| Exercise |
Retype nothing but the lines from the start of the material up to and including the line with "#3=PRODUCT_CONTEXT('',#1,'mechanical');". Pictures don't belong in the copy.
Provided entries below:
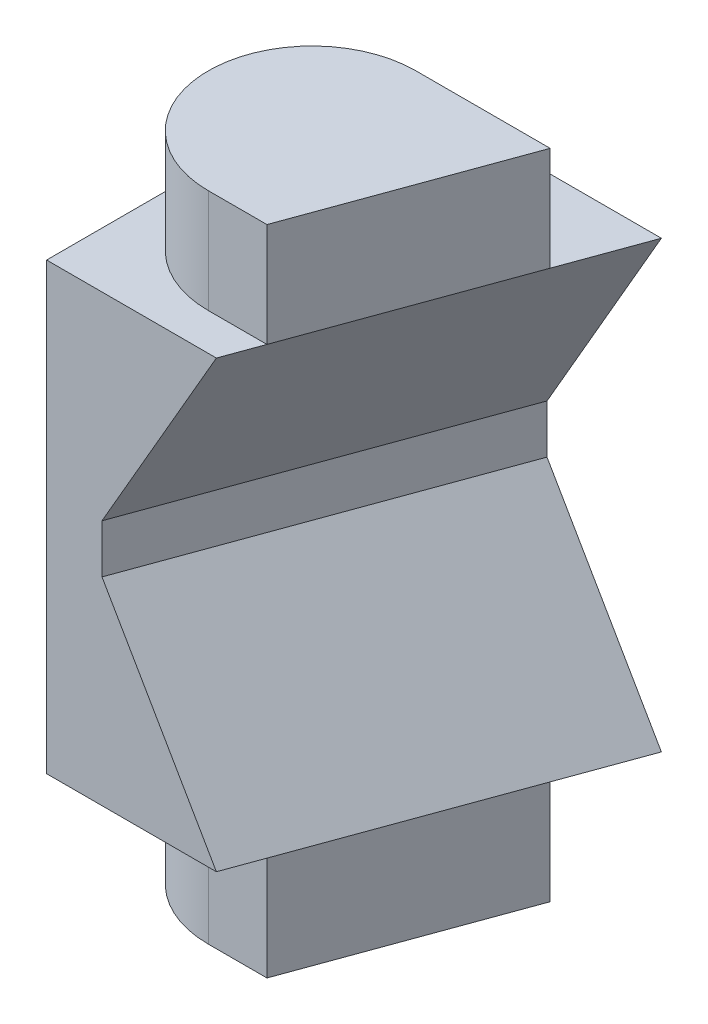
ISO-10303-21;
HEADER;
FILE_DESCRIPTION(('STEP AP214'),'2;1');
FILE_NAME('part.step','',(''),(''),'','','');
FILE_SCHEMA(('AUTOMOTIVE_DESIGN { 1 0 10303 214 1 1 1 1 }'));
ENDSEC;
DATA;
#1=APPLICATION_CONTEXT('core data for automotive mechanical design processes');
#2=APPLICATION_PROTOCOL_DEFINITION('international standard','automotive_design',2000,#1);
#3=PRODUCT_CONTEXT('',#1,'mechanical');
#4=PRODUCT('Part','Part','',(#3));
#5=PRODUCT_RELATED_PRODUCT_CATEGORY('part','',(#4));
#6=PRODUCT_DEFINITION_FORMATION('','',#4);
#7=PRODUCT_DEFINITION_CONTEXT('part definition',#1,'design');
#8=PRODUCT_DEFINITION('design','',#6,#7);
#9=PRODUCT_DEFINITION_SHAPE('','',#8);
#10=(LENGTH_UNIT() NAMED_UNIT(*) SI_UNIT(.MILLI.,.METRE.));
#11=(NAMED_UNIT(*) PLANE_ANGLE_UNIT() SI_UNIT($,.RADIAN.));
#12=(NAMED_UNIT(*) SI_UNIT($,.STERADIAN.) SOLID_ANGLE_UNIT());
#13=UNCERTAINTY_MEASURE_WITH_UNIT(LENGTH_MEASURE(1.E-05),#10,'distance_accuracy_value','');
#14=(GEOMETRIC_REPRESENTATION_CONTEXT(3) GLOBAL_UNCERTAINTY_ASSIGNED_CONTEXT((#13)) GLOBAL_UNIT_ASSIGNED_CONTEXT((#10,
#11,#12)) REPRESENTATION_CONTEXT('',''));
#15=CARTESIAN_POINT('',(0.,0.,0.));
#16=DIRECTION('',(0.,0.,1.));
#17=DIRECTION('',(1.,0.,0.));
#18=AXIS2_PLACEMENT_3D('',#15,#16,#17);
#19=CARTESIAN_POINT('',(-3.20366448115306,7.5,18.7435854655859));
#20=DIRECTION('',(0.,1.,0.));
#21=DIRECTION('',(0.,0.,1.));
#22=AXIS2_PLACEMENT_3D('',#19,#20,#21);
#23=PLANE('',#22);
#24=DIRECTION('',(0.342020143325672,0.,-0.939692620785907));
#25=VECTOR('',#24,1.);
#26=CARTESIAN_POINT('',(19.5018139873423,7.5,-26.8546995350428));
#27=LINE('',#26,#25);
#28=CARTESIAN_POINT('',(5.72383012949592,7.5,11.));
#29=VERTEX_POINT('',#28);
#30=CARTESIAN_POINT('',(6.17879292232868,7.5,9.75));
#31=VERTEX_POINT('',#30);
#32=EDGE_CURVE('E200',#29,#31,#27,.T.);
#33=ORIENTED_EDGE('',*,*,#32,.T.);
#34=DIRECTION('',(-1.,0.,0.));
#35=VECTOR('',#34,1.);
#36=CARTESIAN_POINT('',(4.2,7.5,9.75));
#37=LINE('',#36,#35);
#38=CARTESIAN_POINT('',(4.2,7.5,9.75));
#39=VERTEX_POINT('',#38);
#40=EDGE_CURVE('E136',#31,#39,#37,.T.);
#41=ORIENTED_EDGE('',*,*,#40,.T.);
#42=CARTESIAN_POINT('',(4.2,7.5,6.25));
#43=DIRECTION('',(0.,-1.,0.));
#44=DIRECTION('',(0.,0.,-1.));
#45=AXIS2_PLACEMENT_3D('',#42,#43,#44);
#46=CIRCLE('',#45,3.5);
#47=CARTESIAN_POINT('',(4.2,7.5,2.75));
#48=VERTEX_POINT('',#47);
#49=EDGE_CURVE('E147',#39,#48,#46,.T.);
#50=ORIENTED_EDGE('',*,*,#49,.T.);
#51=DIRECTION('',(1.,0.,0.));
#52=VECTOR('',#51,1.);
#53=CARTESIAN_POINT('',(4.2,7.5,2.75));
#54=LINE('',#53,#52);
#55=CARTESIAN_POINT('',(8.7265845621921,7.5,2.75));
#56=VERTEX_POINT('',#55);
#57=EDGE_CURVE('E150',#48,#56,#54,.T.);
#58=ORIENTED_EDGE('',*,*,#57,.T.);
#59=CARTESIAN_POINT('',(9.7275027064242,7.5,0.));
#60=VERTEX_POINT('',#59);
#61=EDGE_CURVE('E153',#56,#60,#27,.T.);
#62=ORIENTED_EDGE('',*,*,#61,.T.);
#63=DIRECTION('',(1.,0.,0.));
#64=VECTOR('',#63,1.);
#65=CARTESIAN_POINT('',(-2.,7.5,0.));
#66=LINE('',#65,#64);
#67=CARTESIAN_POINT('',(0.,7.5,0.));
#68=VERTEX_POINT('',#67);
#69=EDGE_CURVE('E201',#68,#60,#66,.T.);
#70=ORIENTED_EDGE('',*,*,#69,.F.);
#71=DIRECTION('',(0.,0.,-1.));
#72=VECTOR('',#71,1.);
#73=CARTESIAN_POINT('',(0.,7.5,11.));
#74=LINE('',#73,#72);
#75=CARTESIAN_POINT('',(0.,7.5,11.));
#76=VERTEX_POINT('',#75);
#77=EDGE_CURVE('E297',#76,#68,#74,.T.);
#78=ORIENTED_EDGE('',*,*,#77,.F.);
#79=DIRECTION('',(-1.,0.,0.));
#80=VECTOR('',#79,1.);
#81=CARTESIAN_POINT('',(-3.03469760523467,7.5,11.));
#82=LINE('',#81,#80);
#83=EDGE_CURVE('E9',#29,#76,#82,.T.);
#84=ORIENTED_EDGE('',*,*,#83,.F.);
#85=EDGE_LOOP('',(#33,#41,#50,#58,#62,#70,#78,#84));
#86=FACE_BOUND('',#85,.T.);
#87=ADVANCED_FACE('F14',(#86),#23,.T.);
#88=CARTESIAN_POINT('',(-4.9156779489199,-7.5,16.4707275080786));
#89=DIRECTION('',(0.,1.,0.));
#90=DIRECTION('',(0.,0.,1.));
#91=AXIS2_PLACEMENT_3D('',#88,#89,#90);
#92=PLANE('',#91);
#93=DIRECTION('',(1.,0.,0.));
#94=VECTOR('',#93,1.);
#95=CARTESIAN_POINT('',(4.2,-7.5,2.75));
#96=LINE('',#95,#94);
#97=CARTESIAN_POINT('',(4.2,-7.5,2.75));
#98=VERTEX_POINT('',#97);
#99=CARTESIAN_POINT('',(8.7265845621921,-7.5,2.75));
#100=VERTEX_POINT('',#99);
#101=EDGE_CURVE('E39',#98,#100,#96,.T.);
#102=ORIENTED_EDGE('',*,*,#101,.F.);
#103=CARTESIAN_POINT('',(4.2,-7.5,6.25));
#104=DIRECTION('',(0.,-1.,0.));
#105=DIRECTION('',(0.,0.,-1.));
#106=AXIS2_PLACEMENT_3D('',#103,#104,#105);
#107=CIRCLE('',#106,3.5);
#108=CARTESIAN_POINT('',(4.2,-7.5,9.75));
#109=VERTEX_POINT('',#108);
#110=EDGE_CURVE('E185',#109,#98,#107,.T.);
#111=ORIENTED_EDGE('',*,*,#110,.F.);
#112=DIRECTION('',(-1.,0.,0.));
#113=VECTOR('',#112,1.);
#114=CARTESIAN_POINT('',(4.2,-7.5,9.75));
#115=LINE('',#114,#113);
#116=CARTESIAN_POINT('',(6.17879292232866,-7.5,9.75));
#117=VERTEX_POINT('',#116);
#118=EDGE_CURVE('E187',#117,#109,#115,.T.);
#119=ORIENTED_EDGE('',*,*,#118,.F.);
#120=DIRECTION('',(-0.342020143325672,0.,0.939692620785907));
#121=VECTOR('',#120,1.);
#122=CARTESIAN_POINT('',(19.5018139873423,-7.5,-26.8546995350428));
#123=LINE('',#122,#121);
#124=CARTESIAN_POINT('',(5.72383012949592,-7.5,11.));
#125=VERTEX_POINT('',#124);
#126=EDGE_CURVE('E210',#117,#125,#123,.T.);
#127=ORIENTED_EDGE('',*,*,#126,.T.);
#128=DIRECTION('',(-1.,0.,0.));
#129=VECTOR('',#128,1.);
#130=CARTESIAN_POINT('',(-3.03469760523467,-7.5,11.));
#131=LINE('',#130,#129);
#132=CARTESIAN_POINT('',(0.,-7.5,11.));
#133=VERTEX_POINT('',#132);
#134=EDGE_CURVE('E23',#125,#133,#131,.T.);
#135=ORIENTED_EDGE('',*,*,#134,.T.);
#136=DIRECTION('',(0.,0.,1.));
#137=VECTOR('',#136,1.);
#138=CARTESIAN_POINT('',(0.,-7.5,0.));
#139=LINE('',#138,#137);
#140=CARTESIAN_POINT('',(0.,-7.5,0.));
#141=VERTEX_POINT('',#140);
#142=EDGE_CURVE('E249',#141,#133,#139,.T.);
#143=ORIENTED_EDGE('',*,*,#142,.F.);
#144=DIRECTION('',(1.,0.,0.));
#145=VECTOR('',#144,1.);
#146=CARTESIAN_POINT('',(-2.,-7.5,0.));
#147=LINE('',#146,#145);
#148=CARTESIAN_POINT('',(9.7275027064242,-7.5,0.));
#149=VERTEX_POINT('',#148);
#150=EDGE_CURVE('E213',#141,#149,#147,.T.);
#151=ORIENTED_EDGE('',*,*,#150,.T.);
#152=EDGE_CURVE('E219',#149,#100,#123,.T.);
#153=ORIENTED_EDGE('',*,*,#152,.T.);
#154=EDGE_LOOP('',(#102,#111,#119,#127,#135,#143,#151,#153));
#155=FACE_BOUND('',#154,.T.);
#156=ADVANCED_FACE('F248',(#155),#92,.F.);
#157=CARTESIAN_POINT('',(-2.,10.5,0.));
#158=DIRECTION('',(0.,0.,-1.));
#159=DIRECTION('',(-1.,0.,0.));
#160=AXIS2_PLACEMENT_3D('',#157,#158,#159);
#161=PLANE('',#160);
#162=ORIENTED_EDGE('',*,*,#150,.F.);
#163=DIRECTION('',(0.,-1.,0.));
#164=VECTOR('',#163,1.);
#165=CARTESIAN_POINT('',(0.,7.5,0.));
#166=LINE('',#165,#164);
#167=EDGE_CURVE('E205',#68,#141,#166,.T.);
#168=ORIENTED_EDGE('',*,*,#167,.F.);
#169=ORIENTED_EDGE('',*,*,#69,.T.);
#170=DIRECTION('',(-0.5,-0.866025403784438,0.));
#171=VECTOR('',#170,1.);
#172=CARTESIAN_POINT('',(13.8524784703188,14.6446676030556,0.));
#173=LINE('',#172,#171);
#174=CARTESIAN_POINT('',(5.87080290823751,0.82,0.));
#175=VERTEX_POINT('',#174);
#176=EDGE_CURVE('E230',#60,#175,#173,.T.);
#177=ORIENTED_EDGE('',*,*,#176,.T.);
#178=DIRECTION('',(0.,1.,0.));
#179=VECTOR('',#178,1.);
#180=CARTESIAN_POINT('',(5.87080290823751,-0.82,0.));
#181=LINE('',#180,#179);
#182=CARTESIAN_POINT('',(5.87080290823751,-0.82,0.));
#183=VERTEX_POINT('',#182);
#184=EDGE_CURVE('E236',#183,#175,#181,.T.);
#185=ORIENTED_EDGE('',*,*,#184,.F.);
#186=DIRECTION('',(-0.5,0.866025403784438,0.));
#187=VECTOR('',#186,1.);
#188=CARTESIAN_POINT('',(13.8524784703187,-14.6446676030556,0.));
#189=LINE('',#188,#187);
#190=EDGE_CURVE('E226',#149,#183,#189,.T.);
#191=ORIENTED_EDGE('',*,*,#190,.F.);
#192=EDGE_LOOP('',(#162,#168,#169,#177,#185,#191));
#193=FACE_BOUND('',#192,.T.);
#194=ADVANCED_FACE('F16',(#193),#161,.T.);
#195=CARTESIAN_POINT('',(-3.03469760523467,-15.2330023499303,11.));
#196=DIRECTION('',(0.,0.,1.));
#197=DIRECTION('',(1.,0.,0.));
#198=AXIS2_PLACEMENT_3D('',#195,#196,#197);
#199=PLANE('',#198);
#200=ORIENTED_EDGE('',*,*,#83,.T.);
#201=DIRECTION('',(0.,1.,0.));
#202=VECTOR('',#201,1.);
#203=CARTESIAN_POINT('',(0.,-7.5,11.));
#204=LINE('',#203,#202);
#205=EDGE_CURVE('E296',#133,#76,#204,.T.);
#206=ORIENTED_EDGE('',*,*,#205,.F.);
#207=ORIENTED_EDGE('',*,*,#134,.F.);
#208=DIRECTION('',(0.5,-0.866025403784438,0.));
#209=VECTOR('',#208,1.);
#210=CARTESIAN_POINT('',(10.8497240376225,-16.3783086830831,11.));
#211=LINE('',#210,#209);
#212=CARTESIAN_POINT('',(1.86713033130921,-0.82,11.));
#213=VERTEX_POINT('',#212);
#214=EDGE_CURVE('E234',#213,#125,#211,.T.);
#215=ORIENTED_EDGE('',*,*,#214,.F.);
#216=DIRECTION('',(0.,-1.,0.));
#217=VECTOR('',#216,1.);
#218=CARTESIAN_POINT('',(1.86713033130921,-0.82,11.));
#219=LINE('',#218,#217);
#220=CARTESIAN_POINT('',(1.86713033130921,0.82,11.));
#221=VERTEX_POINT('',#220);
#222=EDGE_CURVE('E241',#221,#213,#219,.T.);
#223=ORIENTED_EDGE('',*,*,#222,.F.);
#224=DIRECTION('',(0.5,0.866025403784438,0.));
#225=VECTOR('',#224,1.);
#226=CARTESIAN_POINT('',(10.8497240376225,16.3783086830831,11.));
#227=LINE('',#226,#225);
#228=EDGE_CURVE('E223',#221,#29,#227,.T.);
#229=ORIENTED_EDGE('',*,*,#228,.T.);
#230=EDGE_LOOP('',(#200,#206,#207,#215,#223,#229));
#231=FACE_BOUND('',#230,.T.);
#232=ADVANCED_FACE('F266',(#231),#199,.T.);
#233=CARTESIAN_POINT('',(21.0312533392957,10.5,-26.2980291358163));
#234=DIRECTION('',(-0.825964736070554,0.476870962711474,-0.300626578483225));
#235=DIRECTION('',(-0.5,-0.866025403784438,0.));
#236=AXIS2_PLACEMENT_3D('',#233,#234,#235);
#237=PLANE('',#236);
#238=ORIENTED_EDGE('',*,*,#32,.F.);
#239=ORIENTED_EDGE('',*,*,#228,.F.);
#240=DIRECTION('',(-0.342020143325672,0.,0.939692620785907));
#241=VECTOR('',#240,1.);
#242=CARTESIAN_POINT('',(15.4425027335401,0.82,-26.2980291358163));
#243=LINE('',#242,#241);
#244=EDGE_CURVE('E231',#175,#221,#243,.T.);
#245=ORIENTED_EDGE('',*,*,#244,.F.);
#246=ORIENTED_EDGE('',*,*,#176,.F.);
#247=ORIENTED_EDGE('',*,*,#61,.F.);
#248=DIRECTION('',(-0.342020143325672,0.,0.939692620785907));
#249=VECTOR('',#248,1.);
#250=CARTESIAN_POINT('',(8.72658456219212,7.5,2.75));
#251=LINE('',#250,#249);
#252=EDGE_CURVE('E31',#56,#31,#251,.T.);
#253=ORIENTED_EDGE('',*,*,#252,.T.);
#254=EDGE_LOOP('',(#238,#239,#245,#246,#247,#253));
#255=FACE_BOUND('',#254,.T.);
#256=ADVANCED_FACE('F264',(#255),#237,.F.);
#257=CARTESIAN_POINT('',(21.0312533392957,-10.5,-26.2980291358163));
#258=DIRECTION('',(0.825964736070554,0.476870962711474,0.300626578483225));
#259=DIRECTION('',(-0.5,0.866025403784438,0.));
#260=AXIS2_PLACEMENT_3D('',#257,#258,#259);
#261=PLANE('',#260);
#262=ORIENTED_EDGE('',*,*,#152,.F.);
#263=ORIENTED_EDGE('',*,*,#190,.T.);
#264=DIRECTION('',(-0.342020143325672,0.,0.939692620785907));
#265=VECTOR('',#264,1.);
#266=CARTESIAN_POINT('',(15.4425027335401,-0.82,-26.2980291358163));
#267=LINE('',#266,#265);
#268=EDGE_CURVE('E227',#183,#213,#267,.T.);
#269=ORIENTED_EDGE('',*,*,#268,.T.);
#270=ORIENTED_EDGE('',*,*,#214,.T.);
#271=ORIENTED_EDGE('',*,*,#126,.F.);
#272=DIRECTION('',(-0.342020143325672,0.,0.939692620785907));
#273=VECTOR('',#272,1.);
#274=CARTESIAN_POINT('',(8.72658456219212,-7.5,2.75));
#275=LINE('',#274,#273);
#276=EDGE_CURVE('E125',#100,#117,#275,.T.);
#277=ORIENTED_EDGE('',*,*,#276,.F.);
#278=EDGE_LOOP('',(#262,#263,#269,#270,#271,#277));
#279=FACE_BOUND('',#278,.T.);
#280=ADVANCED_FACE('F254',(#279),#261,.T.);
#281=CARTESIAN_POINT('',(15.4425027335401,-0.82,-26.2980291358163));
#282=DIRECTION('',(0.939692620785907,0.,0.342020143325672));
#283=DIRECTION('',(0.342020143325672,0.,-0.939692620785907));
#284=AXIS2_PLACEMENT_3D('',#281,#282,#283);
#285=PLANE('',#284);
#286=ORIENTED_EDGE('',*,*,#244,.T.);
#287=ORIENTED_EDGE('',*,*,#222,.T.);
#288=ORIENTED_EDGE('',*,*,#268,.F.);
#289=ORIENTED_EDGE('',*,*,#184,.T.);
#290=EDGE_LOOP('',(#286,#287,#288,#289));
#291=FACE_BOUND('',#290,.T.);
#292=ADVANCED_FACE('F260',(#291),#285,.T.);
#293=CARTESIAN_POINT('',(0.,-7.5,11.));
#294=DIRECTION('',(-1.,0.,0.));
#295=DIRECTION('',(0.,0.,1.));
#296=AXIS2_PLACEMENT_3D('',#293,#294,#295);
#297=PLANE('',#296);
#298=ORIENTED_EDGE('',*,*,#142,.T.);
#299=ORIENTED_EDGE('',*,*,#205,.T.);
#300=ORIENTED_EDGE('',*,*,#77,.T.);
#301=ORIENTED_EDGE('',*,*,#167,.T.);
#302=EDGE_LOOP('',(#298,#299,#300,#301));
#303=FACE_BOUND('',#302,.T.);
#304=ADVANCED_FACE('F301',(#303),#297,.T.);
#305=CARTESIAN_POINT('',(8.72658456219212,-11.,2.75));
#306=DIRECTION('',(-0.939692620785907,0.,-0.342020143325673));
#307=DIRECTION('',(-0.342020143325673,0.,0.939692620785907));
#308=AXIS2_PLACEMENT_3D('',#305,#306,#307);
#309=PLANE('',#308);
#310=ORIENTED_EDGE('',*,*,#276,.T.);
#311=DIRECTION('',(0.,1.,0.));
#312=VECTOR('',#311,1.);
#313=CARTESIAN_POINT('',(6.17879292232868,-11.,9.75));
#314=LINE('',#313,#312);
#315=CARTESIAN_POINT('',(6.17879292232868,-11.,9.75));
#316=VERTEX_POINT('',#315);
#317=EDGE_CURVE('E273',#316,#117,#314,.T.);
#318=ORIENTED_EDGE('',*,*,#317,.F.);
#319=DIRECTION('',(-0.342020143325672,0.,0.939692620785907));
#320=VECTOR('',#319,1.);
#321=CARTESIAN_POINT('',(8.72658456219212,-11.,2.75));
#322=LINE('',#321,#320);
#323=CARTESIAN_POINT('',(8.72658456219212,-11.,2.75));
#324=VERTEX_POINT('',#323);
#325=EDGE_CURVE('E175',#324,#316,#322,.T.);
#326=ORIENTED_EDGE('',*,*,#325,.F.);
#327=DIRECTION('',(0.,1.,0.));
#328=VECTOR('',#327,1.);
#329=CARTESIAN_POINT('',(8.72658456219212,-11.,2.75));
#330=LINE('',#329,#328);
#331=EDGE_CURVE('E184',#324,#100,#330,.T.);
#332=ORIENTED_EDGE('',*,*,#331,.T.);
#333=EDGE_LOOP('',(#310,#318,#326,#332));
#334=FACE_BOUND('',#333,.T.);
#335=ADVANCED_FACE('F281',(#334),#309,.F.);
#336=CARTESIAN_POINT('',(4.2,-11.,9.75));
#337=DIRECTION('',(0.,0.,-1.));
#338=DIRECTION('',(-1.,0.,0.));
#339=AXIS2_PLACEMENT_3D('',#336,#337,#338);
#340=PLANE('',#339);
#341=ORIENTED_EDGE('',*,*,#118,.T.);
#342=DIRECTION('',(0.,1.,0.));
#343=VECTOR('',#342,1.);
#344=CARTESIAN_POINT('',(4.2,-11.,9.75));
#345=LINE('',#344,#343);
#346=CARTESIAN_POINT('',(4.2,-11.,9.75));
#347=VERTEX_POINT('',#346);
#348=EDGE_CURVE('E279',#347,#109,#345,.T.);
#349=ORIENTED_EDGE('',*,*,#348,.F.);
#350=DIRECTION('',(-1.,0.,0.));
#351=VECTOR('',#350,1.);
#352=CARTESIAN_POINT('',(4.2,-11.,9.75));
#353=LINE('',#352,#351);
#354=EDGE_CURVE('E178',#316,#347,#353,.T.);
#355=ORIENTED_EDGE('',*,*,#354,.F.);
#356=ORIENTED_EDGE('',*,*,#317,.T.);
#357=EDGE_LOOP('',(#341,#349,#355,#356));
#358=FACE_BOUND('',#357,.T.);
#359=ADVANCED_FACE('F274',(#358),#340,.F.);
#360=CARTESIAN_POINT('',(4.2,-11.,6.25));
#361=DIRECTION('',(0.,1.,0.));
#362=DIRECTION('',(0.,0.,1.));
#363=AXIS2_PLACEMENT_3D('',#360,#361,#362);
#364=CYLINDRICAL_SURFACE('',#363,3.5);
#365=ORIENTED_EDGE('',*,*,#110,.T.);
#366=DIRECTION('',(0.,1.,0.));
#367=VECTOR('',#366,1.);
#368=CARTESIAN_POINT('',(4.2,-11.,2.75));
#369=LINE('',#368,#367);
#370=CARTESIAN_POINT('',(4.2,-11.,2.75));
#371=VERTEX_POINT('',#370);
#372=EDGE_CURVE('E190',#371,#98,#369,.T.);
#373=ORIENTED_EDGE('',*,*,#372,.F.);
#374=CARTESIAN_POINT('',(4.2,-11.,6.25));
#375=DIRECTION('',(0.,-1.,0.));
#376=DIRECTION('',(0.,0.,-1.));
#377=AXIS2_PLACEMENT_3D('',#374,#375,#376);
#378=CIRCLE('',#377,3.5);
#379=EDGE_CURVE('E180',#347,#371,#378,.T.);
#380=ORIENTED_EDGE('',*,*,#379,.F.);
#381=ORIENTED_EDGE('',*,*,#348,.T.);
#382=EDGE_LOOP('',(#365,#373,#380,#381));
#383=FACE_BOUND('',#382,.T.);
#384=ADVANCED_FACE('F432',(#383),#364,.T.);
#385=CARTESIAN_POINT('',(4.2,-11.,2.75));
#386=DIRECTION('',(0.,0.,1.));
#387=DIRECTION('',(1.,0.,0.));
#388=AXIS2_PLACEMENT_3D('',#385,#386,#387);
#389=PLANE('',#388);
#390=ORIENTED_EDGE('',*,*,#101,.T.);
#391=ORIENTED_EDGE('',*,*,#331,.F.);
#392=DIRECTION('',(1.,0.,0.));
#393=VECTOR('',#392,1.);
#394=CARTESIAN_POINT('',(4.2,-11.,2.75));
#395=LINE('',#394,#393);
#396=EDGE_CURVE('E182',#371,#324,#395,.T.);
#397=ORIENTED_EDGE('',*,*,#396,.F.);
#398=ORIENTED_EDGE('',*,*,#372,.T.);
#399=EDGE_LOOP('',(#390,#391,#397,#398));
#400=FACE_BOUND('',#399,.T.);
#401=ADVANCED_FACE('F289',(#400),#389,.F.);
#402=CARTESIAN_POINT('',(4.2,-11.,6.25));
#403=DIRECTION('',(0.,-1.,0.));
#404=DIRECTION('',(0.,0.,-1.));
#405=AXIS2_PLACEMENT_3D('',#402,#403,#404);
#406=PLANE('',#405);
#407=ORIENTED_EDGE('',*,*,#325,.T.);
#408=ORIENTED_EDGE('',*,*,#354,.T.);
#409=ORIENTED_EDGE('',*,*,#379,.T.);
#410=ORIENTED_EDGE('',*,*,#396,.T.);
#411=EDGE_LOOP('',(#407,#408,#409,#410));
#412=FACE_BOUND('',#411,.T.);
#413=ADVANCED_FACE('F414',(#412),#406,.T.);
#414=CARTESIAN_POINT('',(8.72658456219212,11.,2.75));
#415=DIRECTION('',(0.939692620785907,0.,0.342020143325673));
#416=DIRECTION('',(0.342020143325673,0.,-0.939692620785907));
#417=AXIS2_PLACEMENT_3D('',#414,#415,#416);
#418=PLANE('',#417);
#419=ORIENTED_EDGE('',*,*,#252,.F.);
#420=DIRECTION('',(0.,-1.,0.));
#421=VECTOR('',#420,1.);
#422=CARTESIAN_POINT('',(8.72658456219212,11.,2.75));
#423=LINE('',#422,#421);
#424=CARTESIAN_POINT('',(8.72658456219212,11.,2.75));
#425=VERTEX_POINT('',#424);
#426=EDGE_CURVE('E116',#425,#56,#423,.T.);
End of Provided entries.
| Result of the task |
ISO-10303-21;
HEADER;
FILE_DESCRIPTION(('STEP AP214'),'2;1');
FILE_NAME('part.step','',(''),(''),'','','');
FILE_SCHEMA(('AUTOMOTIVE_DESIGN { 1 0 10303 214 1 1 1 1 }'));
ENDSEC;
DATA;
#1=APPLICATION_CONTEXT('core data for automotive mechanical design processes');
#2=APPLICATION_PROTOCOL_DEFINITION('international standard','automotive_design',2000,#1);
#3=PRODUCT_CONTEXT('',#1,'mechanical');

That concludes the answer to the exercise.